Inconformada com a prestação jurisdicional entregue, a defesa de Sérgio Liz de Jesus Junior interpôs a presente apelação (fl. 158), em cujas razões (fls. 167/185) pleiteia, em relação ao delito de dano qualificado (art. 163, parágrafo único, III, do Código Penal), sua absolvição por ausência de comprovação do elemento subjetivo do tipo penal ou pela aplicação do princípio da insignificância. No tocante ao crime de desacato, requer o reconhecimento da inconvencionalidade do tipo penal e a consequente absolvição por atipicidade da conduta ou, não sendo o caso, a absolvição igualmente por ausência de comprovação do elemento subjetivo. Por último, quanto à dosimetria, almeja a redução da fração de aumento aplicada em decorrência do reconhecimento da agravante de reincidência.
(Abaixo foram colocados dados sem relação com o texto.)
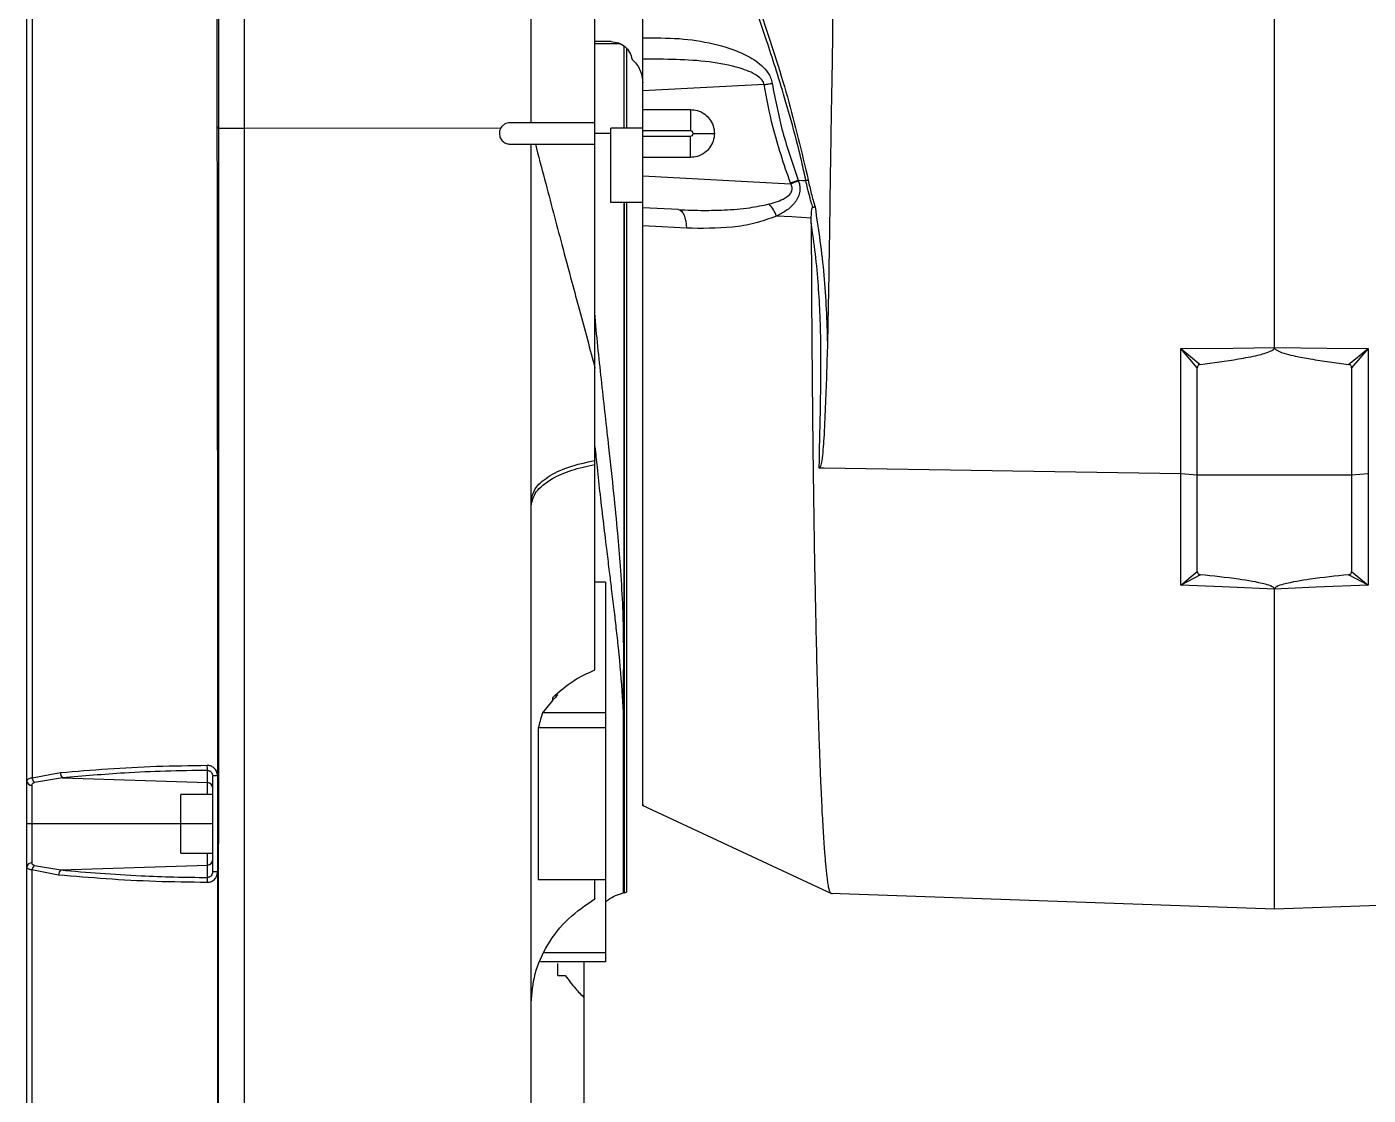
# Model space of a CAD drawing. Header units: millimetres. Extents: x -13464 to 9471, y -517 to 17126.
# Drawn here: x -10174.6 to -10048.3, y 4549.2 to 4649.8 of the extents above; entities that cross this region are included whole.
import ezdxf

# ---------------------------------------------------------------- set-up
doc = ezdxf.new("R2010")
doc.units = ezdxf.units.MM

msp = doc.modelspace()

# ---------------------------------------------------------------- linework, layer by layer
at = {"color": 7, "linetype": 'Continuous', "lineweight": 25}
for p, q in [((-10127.1, 4640.75), (-10127.1, 4712.31)), ((-10154.1, 4640.26), (-10154.1, 4711.37)), ((-10121.1, 4640.75), (-10121.1, 4711.25)), ((-10119.58, 4648.4), (-10121.1, 4648.4)), ((-10121.1, 4648.23), (-10118.79, 4648.23)), ((-10118.34, 4640.25), (-10118.34, 4647.97)), ((-10118.1, 4640.25), (-10118.1, 4647.72)), ((-10105.15, 4644.36), (-10116.6, 4643.76)), ((-10116.6, 4642), (-10116.6, 4643.76)), ((-10116.6, 4642), (-10112.1, 4642)), ((-10116.6, 4640), (-10116.6, 4642)), ((-10112.1, 4642), (-10112.1, 4640)), ((-10156.54, 4640.26), (-10154.1, 4640.26)), ((-10154.1, 4640.26), (-10129.96, 4640.27)), ((-10154.1, 4487.46), (-10154.1, 4640.26)), ((-10127.1, 4640.75), (-10129.1, 4640.75)), ((-10121.1, 4640.75), (-10127.1, 4640.75)), ((-10121.1, 4638.75), (-10121.1, 4640.75)), ((-10116.6, 4640.25), (-10119.6, 4640.25)), ((-10119.6, 4633.25), (-10119.6, 4640.25)), ((-10112.1, 4640), (-10116.6, 4640)), ((-10116.6, 4639.5), (-10116.6, 4640)), ((-10129.1, 4638.75), (-10127.1, 4638.75)), ((-10127.1, 4605.14), (-10127.1, 4638.75)), ((-10127.1, 4638.75), (-10126.71, 4638.75)), ((-10126.71, 4638.75), (-10121.1, 4638.75)), ((-10119.6, 4639.75), (-10121.1, 4639.75)), ((-10119.6, 4639.75), (-10121.1, 4639.75)), ((-10121.1, 4617.66), (-10121.1, 4638.75)), ((-10116.6, 4639.5), (-10112.1, 4639.5)), ((-10116.6, 4637.5), (-10116.6, 4639.5)), ((-10112.1, 4637.5), (-10112.1, 4639.5)), ((-10111.85, 4639.75), (-10109.85, 4639.75)), ((-10116.6, 4635.75), (-10116.6, 4637.5)), ((-10112.1, 4637.5), (-10116.6, 4637.5)), ((-10116.6, 4635.75), (-10102.67, 4635.02)), ((-10116.6, 4633.25), (-10119.6, 4633.25)), ((-10118.34, 4633.25), (-10118.34, 4568.26)), ((-10118.34, 4568.26), (-10118.34, 4633.25)), ((-10118.1, 4568.36), (-10118.1, 4633.25)), ((-10113.23, 4632.58), (-10116.6, 4632.75)), ((-10065.93, 4619.49), (-10064.09, 4618.01)), ((-10064.37, 4617.68), (-10065.93, 4619.49)), ((-10050.12, 4618.01), (-10048.28, 4619.49)), ((-10048.28, 4619.49), (-10049.84, 4617.68)), ((-10121.1, 4608.96), (-10121.1, 4617.66)), ((-10121.1, 4608.59), (-10121.1, 4608.96)), ((-10099.52, 4608.24), (-10099.97, 4608.25)), ((-10065.93, 4607.71), (-10099.52, 4608.24)), ((-10065.93, 4597.21), (-10065.93, 4607.71)), ((-10064.37, 4607.57), (-10065.93, 4607.71)), ((-10049.84, 4607.57), (-10064.37, 4607.57)), ((-10064.37, 4598.5), (-10064.37, 4607.57)), ((-10048.28, 4607.71), (-10049.84, 4607.57)), ((-10049.84, 4607.57), (-10049.84, 4598.5)), ((-10048.28, 4607.71), (-10048.28, 4597.21)), ((-10127.1, 4494.73), (-10127.1, 4605.14)), ((-10065.93, 4597.21), (-10064.37, 4598.5)), ((-10049.84, 4598.5), (-10048.28, 4597.21)), ((-10120.1, 4597.51), (-10121.1, 4597.51)), ((-10120.1, 4597.51), (-10120.1, 4585.19)), ((-10064.08, 4598.21), (-10065.93, 4597.21)), ((-10048.28, 4597.21), (-10050.12, 4598.21)), ((-10057.1, 4566.75), (-10057.1, 4596.86)), ((-10125.1, 4586.37), (-10126.03, 4585.19)), ((-10120.1, 4585.19), (-10126.03, 4585.19)), ((-10120.1, 4585.19), (-10120.1, 4583.79)), ((-10120.1, 4583.79), (-10126.43, 4583.79)), ((-10120.1, 4583.79), (-10120.1, 4569.49)), ((-10174.11, 4579.07), (-10171.43, 4579.58)), ((-10157.58, 4578.63), (-10157.58, 4579.78)), ((-10174.6, 4574.75), (-10174.6, 4578.78)), ((-10174.12, 4578.38), (-10174.12, 4574.75)), ((-10171.23, 4579.09), (-10173.87, 4578.64)), ((-10171.23, 4579.09), (-10157.58, 4578.63)), ((-10157.58, 4577.5), (-10157.58, 4578.63)), ((-10157.1, 4570.23), (-10157.1, 4579.25)), ((-10157.1, 4577.5), (-10160.1, 4577.5)), ((-10160.1, 4574.75), (-10160.1, 4577.5)), ((-10116.65, 4576.5), (-10098.75, 4568.15)), ((-10174.12, 4574.75), (-10174.6, 4574.75)), ((-10174.6, 4570.68), (-10174.6, 4574.75)), ((-10174.12, 4574.75), (-10174.12, 4571.08)), ((-10160.1, 4574.75), (-10174.12, 4574.75)), ((-10157.1, 4574.75), (-10160.1, 4574.75)), ((-10160.1, 4572), (-10160.1, 4574.75)), ((-10160.1, 4572), (-10157.1, 4572)), ((-10157.58, 4570.87), (-10157.58, 4572)), ((-10174.6, 4513.18), (-10174.6, 4570.68)), ((-10173.88, 4570.83), (-10171.41, 4570.41)), ((-10171.41, 4570.41), (-10157.58, 4570.87)), ((-10157.58, 4569.71), (-10157.58, 4570.87)), ((-10174.12, 4570.41), (-10174.13, 4513.19)), ((-10171.61, 4569.93), (-10174.12, 4570.41)), ((-10120.1, 4569.49), (-10126.43, 4569.49)), ((-10120.1, 4569.49), (-10120.1, 4562.64)), ((-10098.87, 4568.21), (-10057.1, 4566.75)), ((-10057.1, 4566.75), (-10015.33, 4568.21)), ((-10120.1, 4561.75), (-10126.23, 4561.75)), ((-10125.85, 4562.64), (-10120.1, 4562.64)), ((-10122.1, 4558.36), (-10122.1, 4561.75)), ((-10120.1, 4562.64), (-10120.1, 4561.75)), ((-10124.6, 4560.48), (-10124.6, 4561.61)), ((-10124.6, 4560.48), (-10123.89, 4560.46))]:
    msp.add_line(p, q, dxfattribs=at)
at = {"color": 7, "linetype": 'Continuous', "lineweight": 25, "flags": 128}
for points in [[(-10101.95, 4635.36), (-10101.55, 4635.33), (-10101.23, 4635.31)], [(-10113.23, 4632.58), (-10113.08, 4632.54), (-10112.94, 4632.44), (-10112.82, 4632.28), (-10112.71, 4632.06), (-10112.62, 4631.8), (-10112.55, 4631.5), (-10112.51, 4631.17), (-10112.49, 4630.83)], [(-10100.73, 4631.79), (-10102.55, 4631.89), (-10103.99, 4631.97)], [(-10112.49, 4630.83), (-10114.79, 4630.95), (-10116.6, 4631.04)], [(-10065.93, 4619.49), (-10060.99, 4619.55), (-10057.1, 4619.6)], [(-10057.1, 4619.6), (-10052.16, 4619.54), (-10048.28, 4619.49)], [(-10057.1, 4596.86), (-10062.04, 4597.06), (-10065.93, 4597.21)], [(-10048.28, 4597.21), (-10053.22, 4597.02), (-10057.1, 4596.86)], [(-10156.65, 4579.26), (-10156.64, 4574.21), (-10156.64, 4570.24)]]:
    msp.add_lwpolyline(points, dxfattribs=at)
at = {"color": 7, "linetype": 'Continuous', "lineweight": 25}
for centre, radius, start, end in [((-10157.72, 4508.02), 132.29, 89.4891, 89.5438), ((-10158.18, 4494.28), 145.99, 89.3576, 89.4072), ((-10112.1, 4639.75), 0.25, 0, 90), ((-10112.1, 4639.75), 0.25, 270, 0), ((-10136.89, 4728.99), 100.01, 290.0096, 290.4618), ((-10107.84, 4630.39), 4.16, 22.3257, 40.7575), ((-10170.79, 4579.56), 0.644, 178.3176, 226.5398), ((-10156, 4580.18), 1.64, 177.0489, 194.2027), ((-10174.15, 4578.83), 0.453, 187.2043, 274.2404), ((-10173.32, 4579.23), 0.814, 191.6419, 226.5882), ((-10157.59, 4578.14), 0.491, 0.9643, 89.0216), ((-10156.75, 4563.93), 15.33, 89.5983, 91.3028), ((-10174.15, 4570.63), 0.454, 86.0213, 173.1763), ((-10173.34, 4570.25), 0.794, 132.6984, 168.4257), ((-10157.59, 4571.36), 0.491, 270.9784, 359.0357), ((-10170.98, 4569.94), 0.633, 132.5913, 181.1833), ((-10155.92, 4569.31), 1.71, 166.6332, 182.8175), ((-10156.75, 4554.73), 15.51, 89.598, 91.2956), ((-10118.6, 4569.22), 1, 285, 300)]:
    msp.add_arc(centre, radius, start, end, dxfattribs=at)
for points, knots in [([(-10156.38, 4711.04), (-10156.38, 4711.03), (-10156.39, 4711.01), (-10156.4, 4710.84), (-10156.4, 4710.61), (-10156.41, 4710.34), (-10156.41, 4710.05), (-10156.42, 4709.7), (-10156.43, 4709.17), (-10156.43, 4708.4), (-10156.44, 4707.47), (-10156.45, 4706.57), (-10156.45, 4705.62), (-10156.45, 4704.56), (-10156.45, 4703.27), (-10156.45, 4701.77), (-10156.45, 4700.14), (-10156.45, 4698.73), (-10156.45, 4697.65), (-10156.45, 4696.84), (-10156.45, 4695.96), (-10156.46, 4695), (-10156.46, 4693.97), (-10156.46, 4692.86), (-10156.47, 4691.67), (-10156.48, 4690.4), (-10156.48, 4688.87), (-10156.48, 4686.9), (-10156.48, 4684.61), (-10156.48, 4682.34), (-10156.49, 4680.48), (-10156.49, 4678.89), (-10156.5, 4677.24), (-10156.5, 4675.27), (-10156.51, 4673.17), (-10156.52, 4671.16), (-10156.52, 4669.32), (-10156.52, 4667.43), (-10156.52, 4665.5), (-10156.53, 4663.51), (-10156.53, 4661.7), (-10156.53, 4660.08), (-10156.53, 4658.27), (-10156.53, 4655.66), (-10156.54, 4652.87), (-10156.54, 4650.4), (-10156.55, 4648.69), (-10156.55, 4647.13), (-10156.55, 4645.64), (-10156.55, 4644.21), (-10156.54, 4642.85), (-10156.54, 4641.56), (-10156.54, 4640.72), (-10156.54, 4640.31)], [0, 0, 0, 0, 0.026393, 0.050373, 0.071939, 0.091091, 0.10783, 0.122155, 0.14452, 0.176678, 0.204998, 0.229479, 0.250122, 0.274614, 0.301112, 0.329616, 0.360127, 0.386803, 0.39839, 0.410691, 0.423704, 0.43743, 0.451868, 0.46702, 0.482884, 0.49946, 0.516176, 0.540799, 0.571228, 0.59694, 0.61817, 0.632809, 0.648602, 0.670819, 0.694642, 0.713208, 0.731496, 0.749506, 0.768553, 0.787601, 0.806648, 0.819981, 0.833345, 0.857424, 0.892216, 0.910119, 0.924792, 0.938854, 0.952305, 0.965145, 0.977374, 0.988993, 1, 1, 1, 1]), ([(-10057.1, 4619.6), (-10057.1, 4622.06), (-10057.1, 4626.87), (-10057.1, 4633.88), (-10057.1, 4640.17), (-10057.1, 4645.48), (-10057.1, 4650.16), (-10057.1, 4654.37), (-10057.1, 4658.42), (-10057.1, 4662.03), (-10057.1, 4665.61), (-10057.1, 4669.44), (-10057.1, 4674.06), (-10057.1, 4679.66), (-10057.1, 4686.21), (-10057.1, 4693.46), (-10057.1, 4698.46), (-10057.1, 4701.01)], [0, 0, 0, 0, 0.093291, 0.182359, 0.261603, 0.326757, 0.37951, 0.435243, 0.48255, 0.528731, 0.567789, 0.613363, 0.668422, 0.735973, 0.816812, 0.906526, 1, 1, 1, 1]), ([(-10116.6, 4691.69), (-10116.28, 4689.8), (-10115.63, 4686.03), (-10114.19, 4679.67), (-10112.46, 4672.89), (-10110.38, 4665.76), (-10107.97, 4658.43), (-10105.39, 4650.92), (-10102.87, 4643.25), (-10101.63, 4637.98), (-10101.01, 4635.35)], [0, 0, 0, 0, 0.125163, 0.250286, 0.375906, 0.501499, 0.625932, 0.750218, 0.875529, 1, 1, 1, 1]), ([(-10101.23, 4635.31), (-10101.36, 4635.91), (-10101.68, 4637.37), (-10102.33, 4639.98), (-10103.17, 4642.93), (-10104.07, 4645.87), (-10104.9, 4648.42), (-10105.63, 4650.61), (-10106.29, 4652.55), (-10106.9, 4654.34), (-10107.51, 4656.15), (-10108.13, 4657.98), (-10108.75, 4659.84), (-10109.36, 4661.71), (-10109.96, 4663.62), (-10110.54, 4665.51), (-10111.15, 4667.56), (-10111.82, 4669.92), (-10112.58, 4672.76), (-10113.41, 4676.03), (-10114.35, 4679.98), (-10115.26, 4684.17), (-10116.04, 4688.22), (-10116.42, 4690.56), (-10116.6, 4691.65)], [0, 0, 0, 0, 0.028251, 0.069568, 0.124183, 0.170569, 0.212273, 0.249264, 0.278534, 0.308284, 0.338528, 0.369285, 0.400574, 0.432419, 0.464849, 0.497895, 0.530117, 0.571445, 0.621756, 0.680989, 0.74929, 0.843086, 0.9265, 1, 1, 1, 1]), ([(-10116.6, 4648.74), (-10116.6, 4651.38), (-10116.6, 4656.64), (-10116.6, 4664.44), (-10116.6, 4671.97), (-10116.6, 4679.09), (-10116.6, 4685.77), (-10116.6, 4689.69), (-10116.6, 4691.65)], [0, 0, 0, 0, 0.167157, 0.332983, 0.499682, 0.665951, 0.832251, 1, 1, 1, 1]), ([(-10098.54, 4666.41), (-10098.56, 4665.3), (-10098.61, 4662.91), (-10098.62, 4659.56), (-10098.63, 4656.25), (-10098.68, 4653.02), (-10098.72, 4649.69), (-10098.76, 4646.32), (-10098.82, 4643.12), (-10098.88, 4639.78), (-10098.93, 4636.44), (-10098.98, 4632.94), (-10099.03, 4629.48), (-10099.08, 4626.08), (-10099.14, 4622.9), (-10099.18, 4620.92), (-10099.2, 4620)], [0, 0, 0, 0, 0.070833, 0.151624, 0.213387, 0.282851, 0.358877, 0.428129, 0.500364, 0.565103, 0.644108, 0.716329, 0.791468, 0.868885, 0.938728, 1, 1, 1, 1]), ([(-10156.67, 4640.31), (-10156.67, 4640.32), (-10156.67, 4640.49), (-10156.67, 4641.18), (-10156.67, 4642.27), (-10156.68, 4643.6), (-10156.68, 4644.8), (-10156.68, 4646.01), (-10156.69, 4647.2), (-10156.69, 4648.48), (-10156.69, 4650.14), (-10156.69, 4651.43), (-10156.69, 4652.23)], [0, 0, 0, 0, 0.004075, 0.040661, 0.174635, 0.276878, 0.373811, 0.474935, 0.581923, 0.671764, 0.798126, 1, 1, 1, 1]), ([(-10174.6, 4578.78), (-10174.6, 4592.25), (-10174.6, 4607.85), (-10174.6, 4625.56), (-10174.6, 4631.91), (-10174.6, 4638.26), (-10174.6, 4644.63), (-10174.6, 4648.83), (-10174.6, 4650.93)], [0, 0, 0, 0, 0.559888, 0.64787, 0.735853, 0.823836, 0.911756, 1, 1, 1, 1]), ([(-10174.09, 4650.88), (-10174.09, 4647.87), (-10174.09, 4641.88), (-10174.09, 4632.85), (-10174.09, 4623.88), (-10174.1, 4614.92), (-10174.1, 4605.96), (-10174.11, 4596.99), (-10174.11, 4588.03), (-10174.11, 4582.06), (-10174.11, 4579.07)], [0, 0, 0, 0, 0.126714, 0.25173, 0.376441, 0.501153, 0.625865, 0.750577, 0.875288, 1, 1, 1, 1]), ([(-10119.58, 4648.4), (-10119.34, 4648.38), (-10118.87, 4648.33), (-10118.26, 4647.96), (-10117.79, 4647.41), (-10117.66, 4646.96), (-10117.6, 4646.73)], [0, 0, 0, 0, 0.24999, 0.499954, 0.749894, 1, 1, 1, 1]), ([(-10116.6, 4648.74), (-10115.45, 4648.75), (-10113.23, 4648.77), (-10109.95, 4648.28), (-10107.32, 4647.46), (-10105.6, 4646.4), (-10104.87, 4645.59), (-10104.53, 4645), (-10104.45, 4644.65), (-10104.41, 4644.47)], [0, 0, 0, 0, 0.256185, 0.497253, 0.736012, 0.861604, 0.927957, 0.963259, 1, 1, 1, 1]), ([(-10116.6, 4646.74), (-10116.6, 4646.79), (-10116.6, 4646.88), (-10116.6, 4647.32), (-10116.6, 4647.85), (-10116.6, 4648.35), (-10116.6, 4648.61), (-10116.6, 4648.74)], [0, 0, 0, 0, 0.249889, 0.499267, 0.74864, 0.87451, 1, 1, 1, 1]), ([(-10117.6, 4646.73), (-10117.45, 4646.58), (-10117.16, 4646.29), (-10116.85, 4645.74), (-10116.64, 4645.14), (-10116.61, 4644.72), (-10116.6, 4644.51)], [0, 0, 0, 0, 0.249193, 0.499486, 0.748637, 1, 1, 1, 1]), ([(-10105.15, 4644.36), (-10105.17, 4644.43), (-10105.22, 4644.58), (-10105.43, 4644.88), (-10106.12, 4645.45), (-10107.81, 4646.07), (-10111.42, 4646.75), (-10114.5, 4646.74), (-10116.6, 4646.74)], [0, 0, 0, 0, 0.017893, 0.03784, 0.086867, 0.232102, 0.477921, 1, 1, 1, 1]), ([(-10116.6, 4643.76), (-10116.6, 4644.16), (-10116.6, 4645), (-10116.6, 4645.97), (-10116.6, 4646.57), (-10116.6, 4646.69), (-10116.6, 4646.74)], [0, 0, 0, 0, 0.271442, 0.562157, 0.788601, 1, 1, 1, 1]), ([(-10105.15, 4644.36), (-10105.01, 4644.38), (-10104.75, 4644.42), (-10104.51, 4644.46), (-10104.41, 4644.47)], [0, 0, 0, 0, 0.56, 1, 1, 1, 1]), ([(-10102.69, 4635.09), (-10103.29, 4636.84), (-10104.33, 4639.88), (-10104.91, 4643.03), (-10105.15, 4644.36)], [0, 0, 0, 0, 0.578561, 1, 1, 1, 1]), ([(-10104.41, 4644.47), (-10104.11, 4642.93), (-10103.52, 4639.83), (-10102.47, 4636.85), (-10101.95, 4635.36)], [0, 0, 0, 0, 0.497967, 1, 1, 1, 1]), ([(-10112.1, 4642), (-10111.89, 4641.99), (-10111.41, 4641.95), (-10110.77, 4641.62), (-10110.26, 4641.11), (-10109.93, 4640.48), (-10109.81, 4639.75), (-10109.93, 4639.02), (-10110.26, 4638.4), (-10110.77, 4637.89), (-10111.41, 4637.56), (-10111.89, 4637.52), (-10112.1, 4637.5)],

Contra-arrazoado o recurso (fls. 197/210), os autos ascenderam a este Tribunal, oportunidade em que a douta Procuradoria-Geral de Justiça, em parecer do Exmo. Sr. Dr. Raul Schaefer Filho, manifestou-se pelo conhecimento e parcial provimento do recurso interposto, a fim de absolvê-lo do crime de desacato (fls. 217/220).

Este é o relatório.

VOTO

Presentes os seus pressupostos intrínsecos e extrínsecos, conhece-se do recurso.

O apelo manejado por Sérgio Liz de Jesus objetiva reformar a sentença que, julgando procedente a denúncia, condenou-o pela prática dos crimes de dano qualificado (art. 163, parágrafo único, III, do Código Penal) e de desacato (art. 331 do Código Penal).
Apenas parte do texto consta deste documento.